Robin hesitated. She ought not to drink while conducting an interview, but at the same time, she suddenly craved alcohol. Before she could decide, Raphael said with a slight edge in his voice: “Been undercover again today, have we?”
“Why d’you ask?”
“Your wedding ring’s gone again.”
“Were your eyes this sharp in the office?” asked Robin, and he grinned, reminding her why she had liked him, even against her will.
“I noticed your glasses were fake, remember?” he said. “I thought at the time you were trying to be taken seriously, because you were too pretty for politics. So these,” he indicated his deep brown eyes, “may be sharp, but this,” he tapped his head, “not so much.”
“I’ll have a glass of red,” said Robin, smiling, “and I’ll pay, obviously.”

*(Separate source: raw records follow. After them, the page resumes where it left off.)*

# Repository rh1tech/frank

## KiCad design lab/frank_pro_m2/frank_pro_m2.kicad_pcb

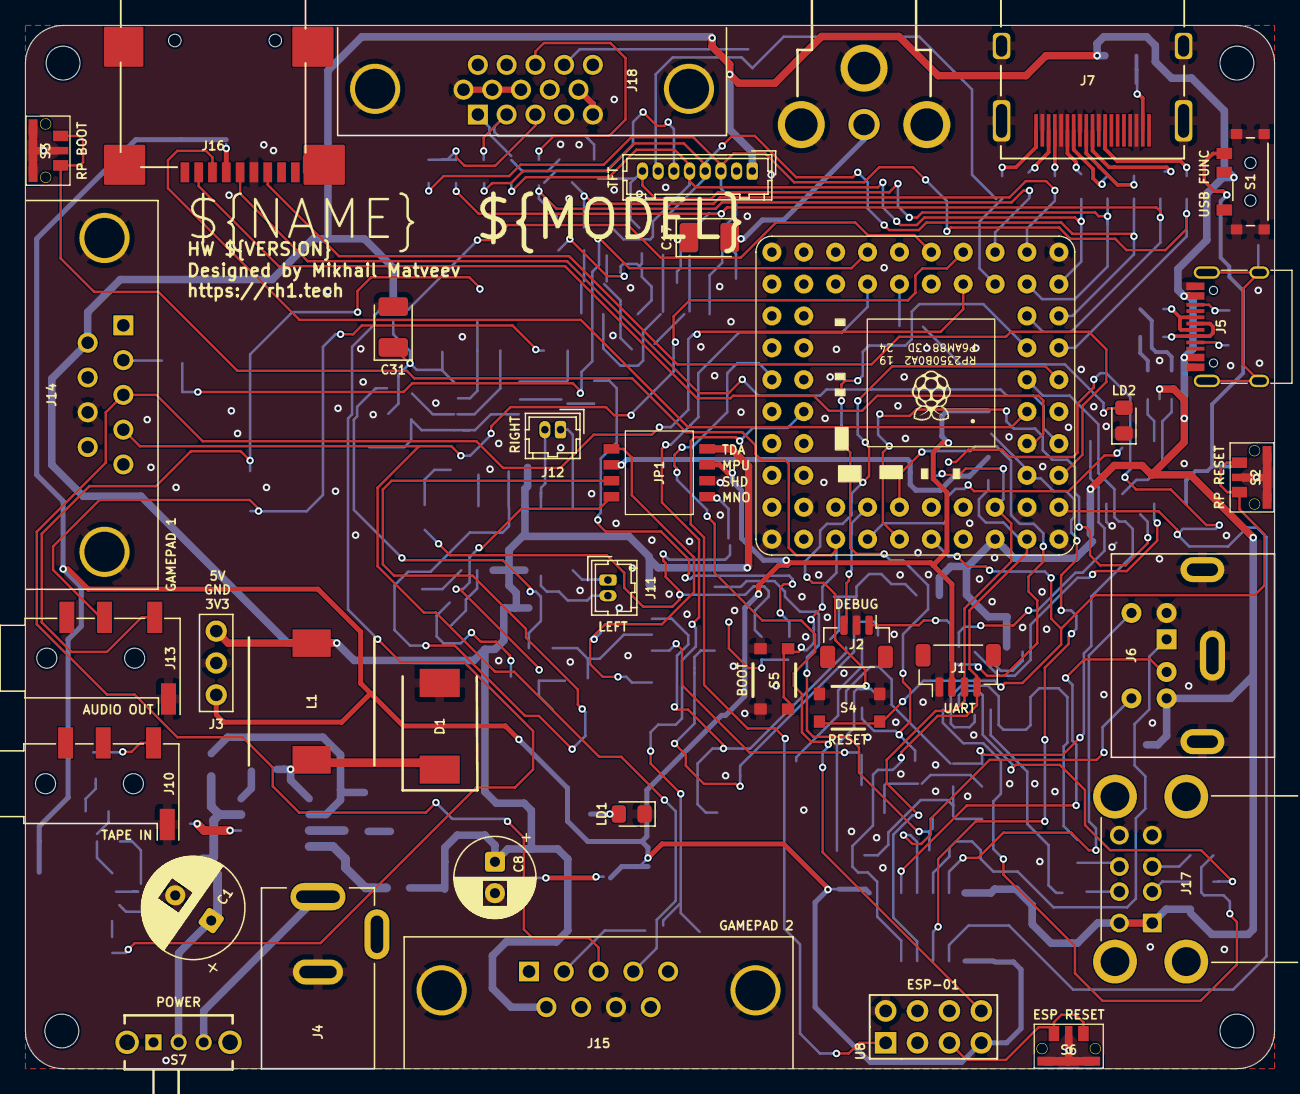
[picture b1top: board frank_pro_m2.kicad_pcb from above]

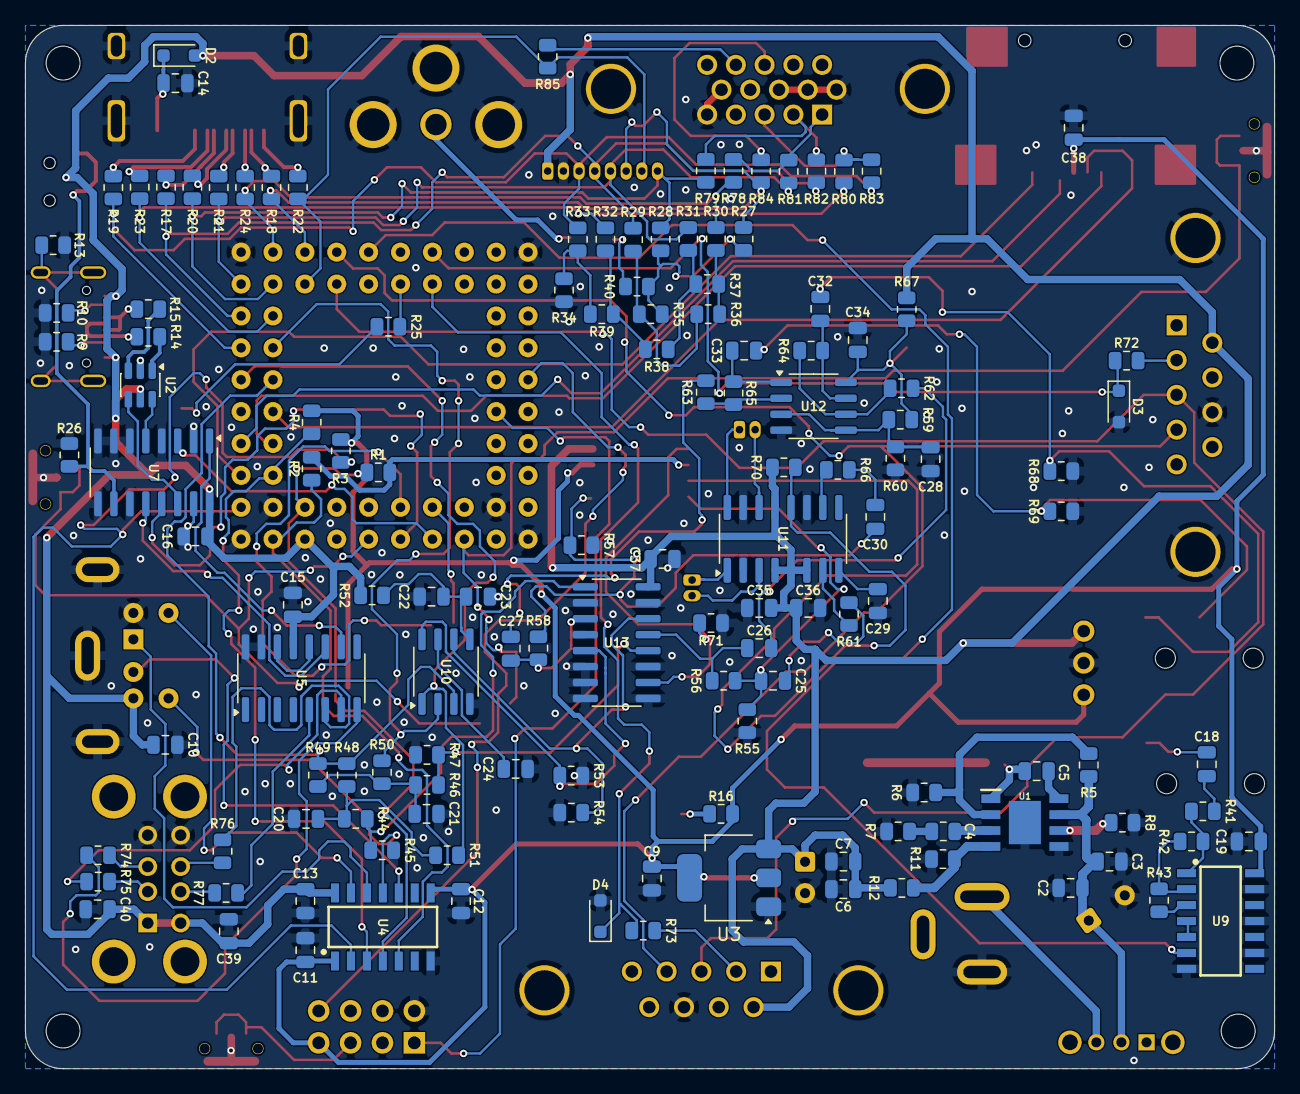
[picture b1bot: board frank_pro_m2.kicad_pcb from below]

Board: 2 copper layers, 99.5 x 83.1 mm, 175 parts (135 on the bottom side), 137 nets.

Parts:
C1: 680u; C_Radial_D8.0mm_P3.50mm
C2, C7, C9, C22, C24, C26, C27, C28, C32, C33, C39, C40: 10u; C_0805_2012Metric
C3, C5, C6, C10, C11, C12, C13, C14, C16, C18, C19, C23, C29, C34, C37, C38: 100n; C_0805_2012Metric
C4: 150pF; R_0805_2012Metric
C8: 220u; C_Radial_D6.3mm_P2.50mm
C15: 4.7u; C_0805_2012Metric
C17: 220u; C_3528_Tantalum
C20, C21: 47n; C_0805_2012Metric
C25, C30, C35: 1u; C_0805_2012Metric
C31: 10u; C_3528_Tantalum
C36: 47u; C_0805_2012Metric
D1: 1N5822; D_SMA_SS34
D2: 1N5819WS; D_SOD-323
D3, D4: 3V3; D_SOD-323
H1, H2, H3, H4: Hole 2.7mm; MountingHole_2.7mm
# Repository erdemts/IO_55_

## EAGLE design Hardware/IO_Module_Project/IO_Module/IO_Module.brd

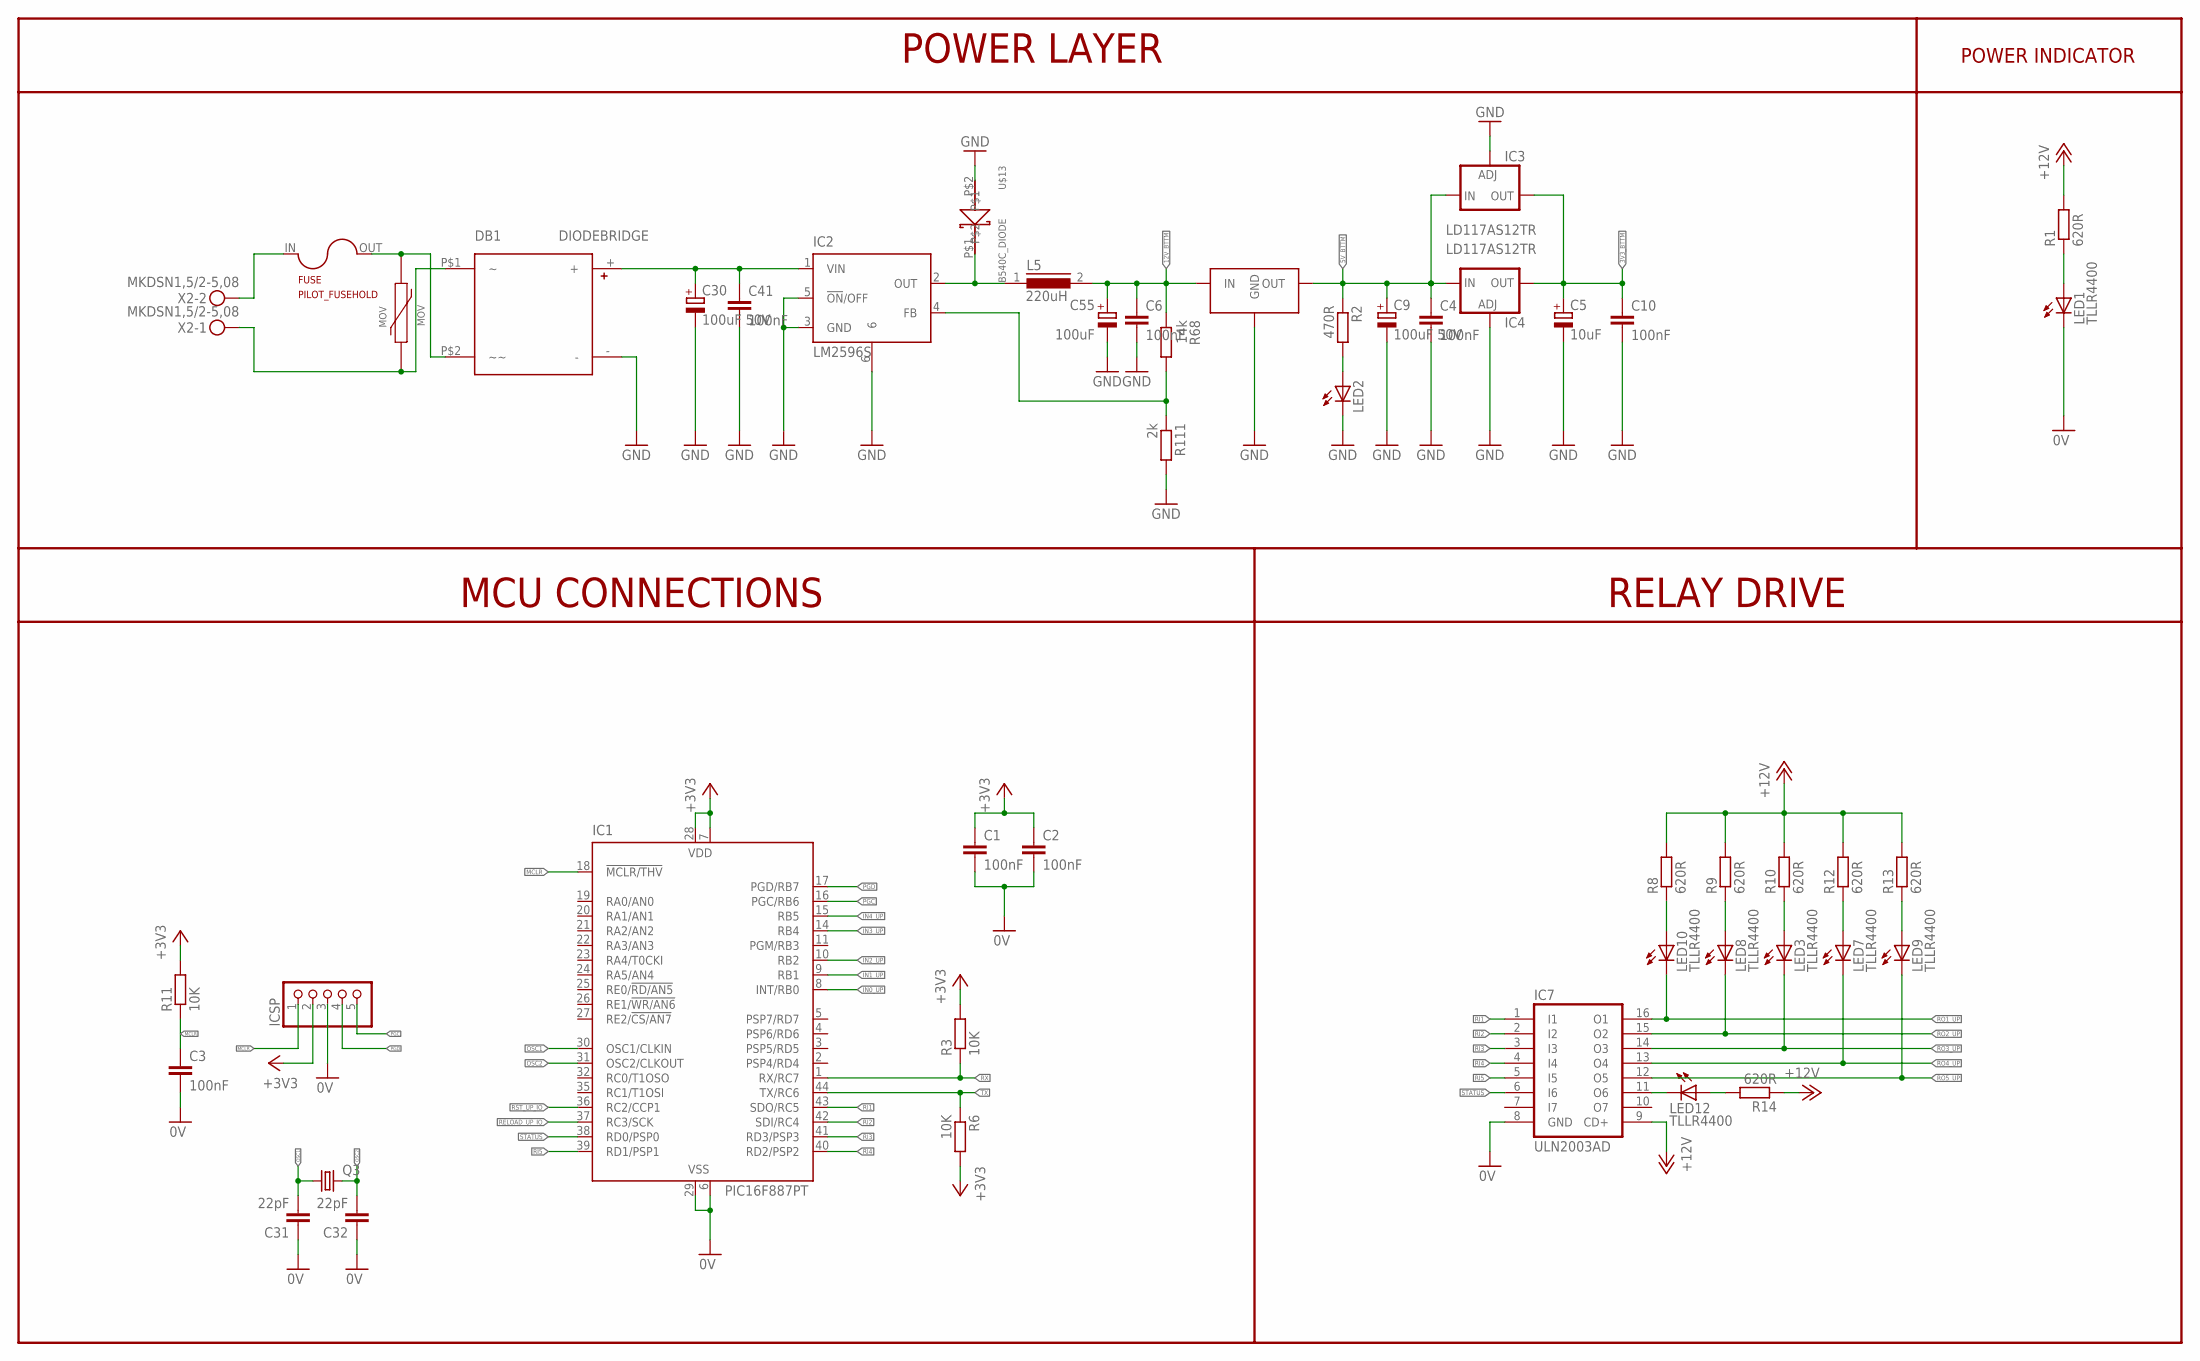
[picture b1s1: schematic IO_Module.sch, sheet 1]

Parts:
C1, C2, C3: 100nF; C0603K
C4, C6, C10, C41: 100nF; C0603
C5: 10uF; 153CLV-0505
C9, C30: 100uF 50V; 153CLV-0810
C31, C32: 22pF; C0805
C55: 100uF; 153CLV-0605
DB1: DIODEBRIDGE; SDIP
FUSE: PILOT_FUSEHOLD; RTM_FUSEHOLD
IC1: PIC16F887PT; TQFP44
IC2: LM2596S; TO263-5
IC3, IC4: LD117AS12TR; SOT223
IC7: ULN2003AD; SO16
ICSP: PINHD-1X5; 1X05
L5: 220uH; DR125
LED1, LED3, LED7, LED8, LED9, LED10, LED12: TLLR4400; LED3MM
LED2: LEDCHIPLED_0805; CHIPLED_0805
MOV: MOV-10D201K
Q3: CRYSTALHC49UP; HC49UP
R1, R8, R9, R10, R12, R13, R14: 620R; R0805
R2: 470R; R0805
R3, R6, R11: 10K; R0805
R68: 14k; M0805
R111: 2k; M0805
U$6: L7805CD2T-TR; VREG-7805-DPAK2
U$13: B540C_DIODE; SMC
X2: MKDSN1,5/2-5,08

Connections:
0V: C1.2, C2.2, C3.2, C31.1, C32.1, IC1.6 (VSS), IC1.29 (VSS), IC7.8 (GND), ICSP.3, LED1.K (C); also elsewhere on the board
3V3_BTTM: C5.+, C10.1, IC3.4 (OUT), IC4.4 (OUT); also elsewhere on the board
5V_BTTM: C4.1, C9.+, IC3.3 (IN), IC4.3 (IN), R2.1, U$6.VOUT (OUT)
12V_BTTM: C6.1, C55.+, L5.2, R68.1, U$6.VIN (IN); also elsewhere on the board
36V: C30.+, C41.1, DB1.+, IC2.1 (VIN)
+3V3: C1.1, C2.1, IC1.7 (VDD), IC1.28 (VDD), ICSP.2, R3.2, R6.2, R11.2; also elsewhere on the board
+12V: IC7.9 (CD+), R1.2, R8.2, R9.2, R10.2, R12.2, R13.2, R14.1; also elsewhere on the board
GND: C4.2, C5.-, C6.2, C9.-, C10.2, C30.-, C41.2, C55.-, DB1.-, IC2.3 (GND), IC2.5 (!ON!/OFF), IC2.6, IC3.1 (ADJ), IC4.1 (ADJ), LED2.C, R111.2, U$6.GND, U$13.P$2; also elsewhere on the board
IN0_UP: IC1.8 (INT/RB0); also elsewhere on the board
IN1_UP: IC1.9 (RB1); also elsewhere on the board
IN2_UP: IC1.10 (RB2); also elsewhere on the board
IN3_UP: IC1.14 (RB4); also elsewhere on the board
IN4_UP: IC1.15 (RB5); also elsewhere on the board
MCLR: C3.1, IC1.18 (!MCLR/THV), ICSP.1, R11.1
unnamed: LED2.A, R2.2
unnamed: DB1.P$2 (~~), FUSE.OUT, MOV.2
unnamed: DB1.P$1, MOV.1, X2.1
unnamed: FUSE.IN, X2.2
unnamed: LED1.A, R1.1
unnamed: IC7.11 (O6), LED12.K (C)
unnamed: LED10.A, R8.1
unnamed: LED8.A, R9.1
unnamed: LED3.A, R10.1
unnamed: LED7.A, R12.1
unnamed: LED9.A, R13.1
unnamed: LED12.A, R14.2
unnamed: IC2.2 (OUT), L5.1, U$13.P$1
unnamed: IC2.4 (FB), R68.2, R111.1
OSC1: C31.2, IC1.30 (OSC1/CLKIN), Q3.1
OSC2: C32.2, IC1.31 (OSC2/CLKOUT), Q3.2
PGC: IC1.16 (PGC/RB6), ICSP.5
PGD: IC1.17 (PGD/RB7), ICSP.4
RELOAD_UP_IO: IC1.37 (RC3/SCK); also elsewhere on the board
RI1: IC1.43 (SDO/RC5), IC7.1 (I1)
RI2: IC1.42 (SDI/RC4), IC7.2 (I2)
RI3: IC1.41 (RD3/PSP3), IC7.3 (I3)
RI4: IC1.40 (RD2/PSP2), IC7.4 (I4)
RI5: IC1.39 (RD1/PSP1), IC7.5 (I5)
RO1_UP: IC7.16 (O1), LED10.K (C); also elsewhere on the board
RO2_UP: IC7.15 (O2), LED8.K (C); also elsewhere on the board
RO3_UP: IC7.14 (O3), LED3.K (C); also elsewhere on the board
RO4_UP: IC7.13 (O4), LED7.K (C); also elsewhere on the board
RO5_UP: IC7.12 (O5), LED9.K (C); also elsewhere on the board
RST_UP_IO: IC1.36 (RC2/CCP1); also elsewhere on the board
RX: IC1.1 (RX/RC7), R3.1; also elsewhere on the board
STATUS: IC1.38 (RD0/PSP0), IC7.6 (I6)
TX: IC1.44 (TX/RC6), R6.1; also elsewhere on the board

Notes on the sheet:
POWER LAYER
MCU CONNECTIONS
RELAY DRIVE
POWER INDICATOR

“If this is all on Mr. Strike, let’s have dinner,” said Raphael at once. “I’m starving and skint.”
“Really?”
After a day of trawling through the available rooms for rent on her agency salary, she was not in the mood to hear the Chiswell definition of poverty again.
“Yeah, really, little though you might believe it,” said Raphael, with a slightly acid smile, and Robin suspected he knew what she had been thinking. “Seriously, are we eating, or what?”
“Fine,” said Robin, who had barely touched food all day, “let’s eat.”
Raphael took his bottle of beer off the bar and led her through to the restaurant where they took a table for two beside the wall. It was so early that they were the only diners.